»»
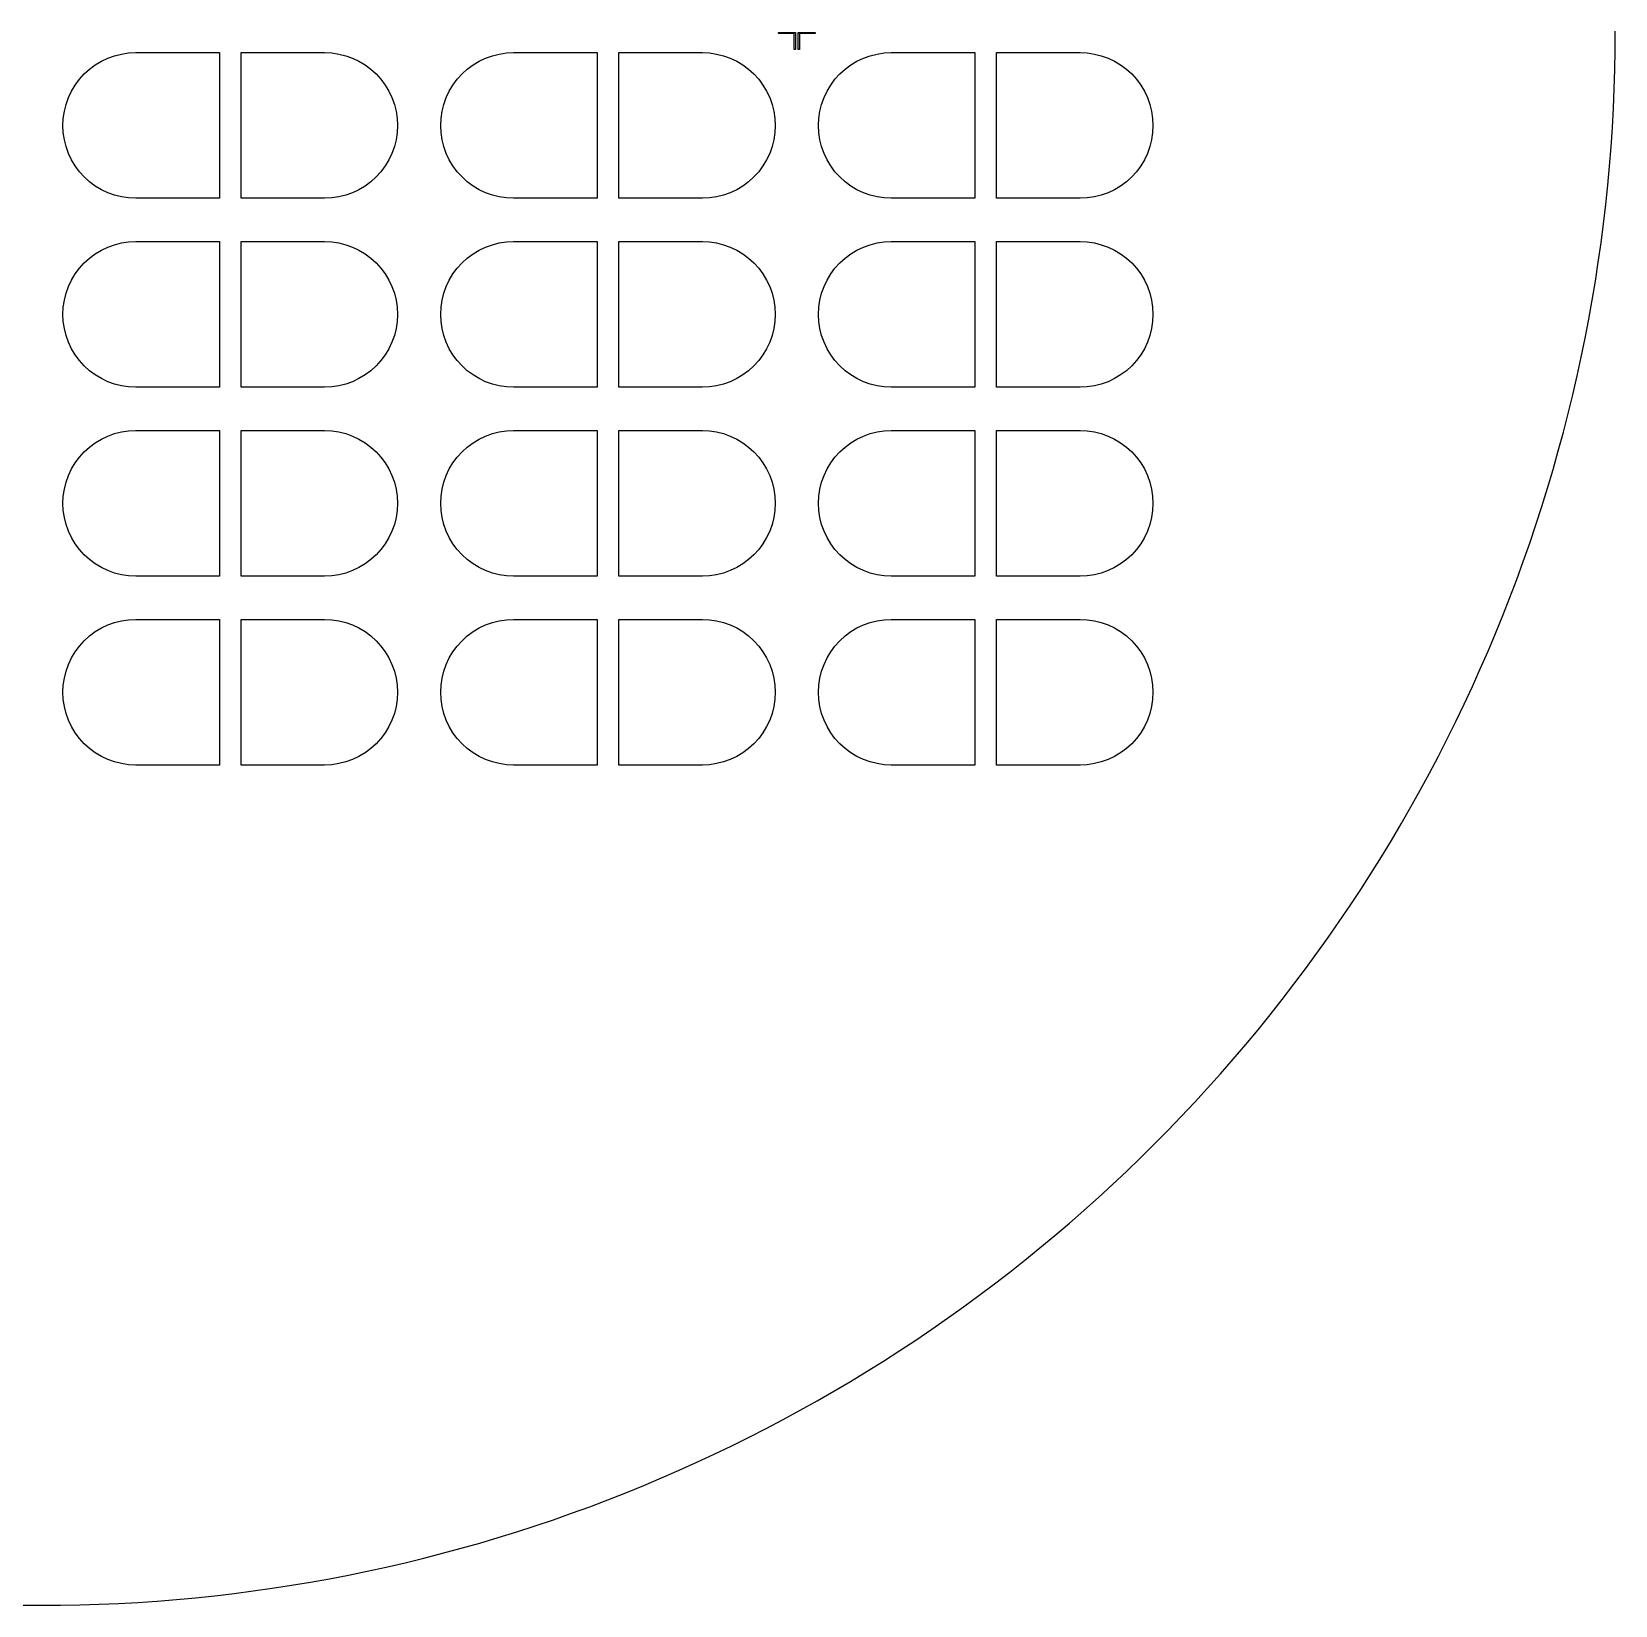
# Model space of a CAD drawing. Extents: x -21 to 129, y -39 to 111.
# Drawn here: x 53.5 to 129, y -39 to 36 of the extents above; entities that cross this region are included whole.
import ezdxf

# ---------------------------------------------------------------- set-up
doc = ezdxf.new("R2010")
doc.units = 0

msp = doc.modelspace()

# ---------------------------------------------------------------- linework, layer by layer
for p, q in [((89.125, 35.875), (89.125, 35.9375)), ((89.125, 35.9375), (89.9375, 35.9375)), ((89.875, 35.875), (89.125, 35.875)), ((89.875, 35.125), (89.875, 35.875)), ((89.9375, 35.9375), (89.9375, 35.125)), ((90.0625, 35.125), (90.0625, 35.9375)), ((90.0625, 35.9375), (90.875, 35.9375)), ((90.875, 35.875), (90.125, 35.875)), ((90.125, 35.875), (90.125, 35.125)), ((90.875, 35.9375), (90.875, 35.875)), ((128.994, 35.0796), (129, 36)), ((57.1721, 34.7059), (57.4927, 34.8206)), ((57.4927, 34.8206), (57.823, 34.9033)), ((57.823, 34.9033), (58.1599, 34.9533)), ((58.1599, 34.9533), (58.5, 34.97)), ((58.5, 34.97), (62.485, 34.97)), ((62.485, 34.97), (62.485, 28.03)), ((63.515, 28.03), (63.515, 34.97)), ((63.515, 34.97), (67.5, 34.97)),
««
■ What is being asked
Each record above must be retyped exactly. Omit the pictures.

■ Answer to the exercise
# Model space of a CAD drawing. Extents: x -21 to 129, y -39 to 111.
# Drawn here: x 53.5 to 129, y -39 to 36 of the extents above; entities that cross this region are included whole.
import ezdxf

# ---------------------------------------------------------------- set-up
doc = ezdxf.new("R2010")
doc.units = 0

msp = doc.modelspace()

# ---------------------------------------------------------------- linework, layer by layer
for p, q in [((89.125, 35.875), (89.125, 35.9375)), ((89.125, 35.9375), (89.9375, 35.9375)), ((89.875, 35.875), (89.125, 35.875)), ((89.875, 35.125), (89.875, 35.875)), ((89.9375, 35.9375), (89.9375, 35.125)), ((90.0625, 35.125), (90.0625, 35.9375)), ((90.0625, 35.9375), (90.875, 35.9375)), ((90.875, 35.875), (90.125, 35.875)), ((90.125, 35.875), (90.125, 35.125)), ((90.875, 35.9375), (90.875, 35.875)), ((128.994, 35.0796), (129, 36)), ((57.1721, 34.7059), (57.4927, 34.8206)), ((57.4927, 34.8206), (57.823, 34.9033)), ((57.823, 34.9033), (58.1599, 34.9533)), ((58.1599, 34.9533), (58.5, 34.97)), ((58.5, 34.97), (62.485, 34.97)), ((62.485, 34.97), (62.485, 28.03)), ((63.515, 28.03), (63.515, 34.97)), ((63.515, 34.97), (67.5, 34.97)),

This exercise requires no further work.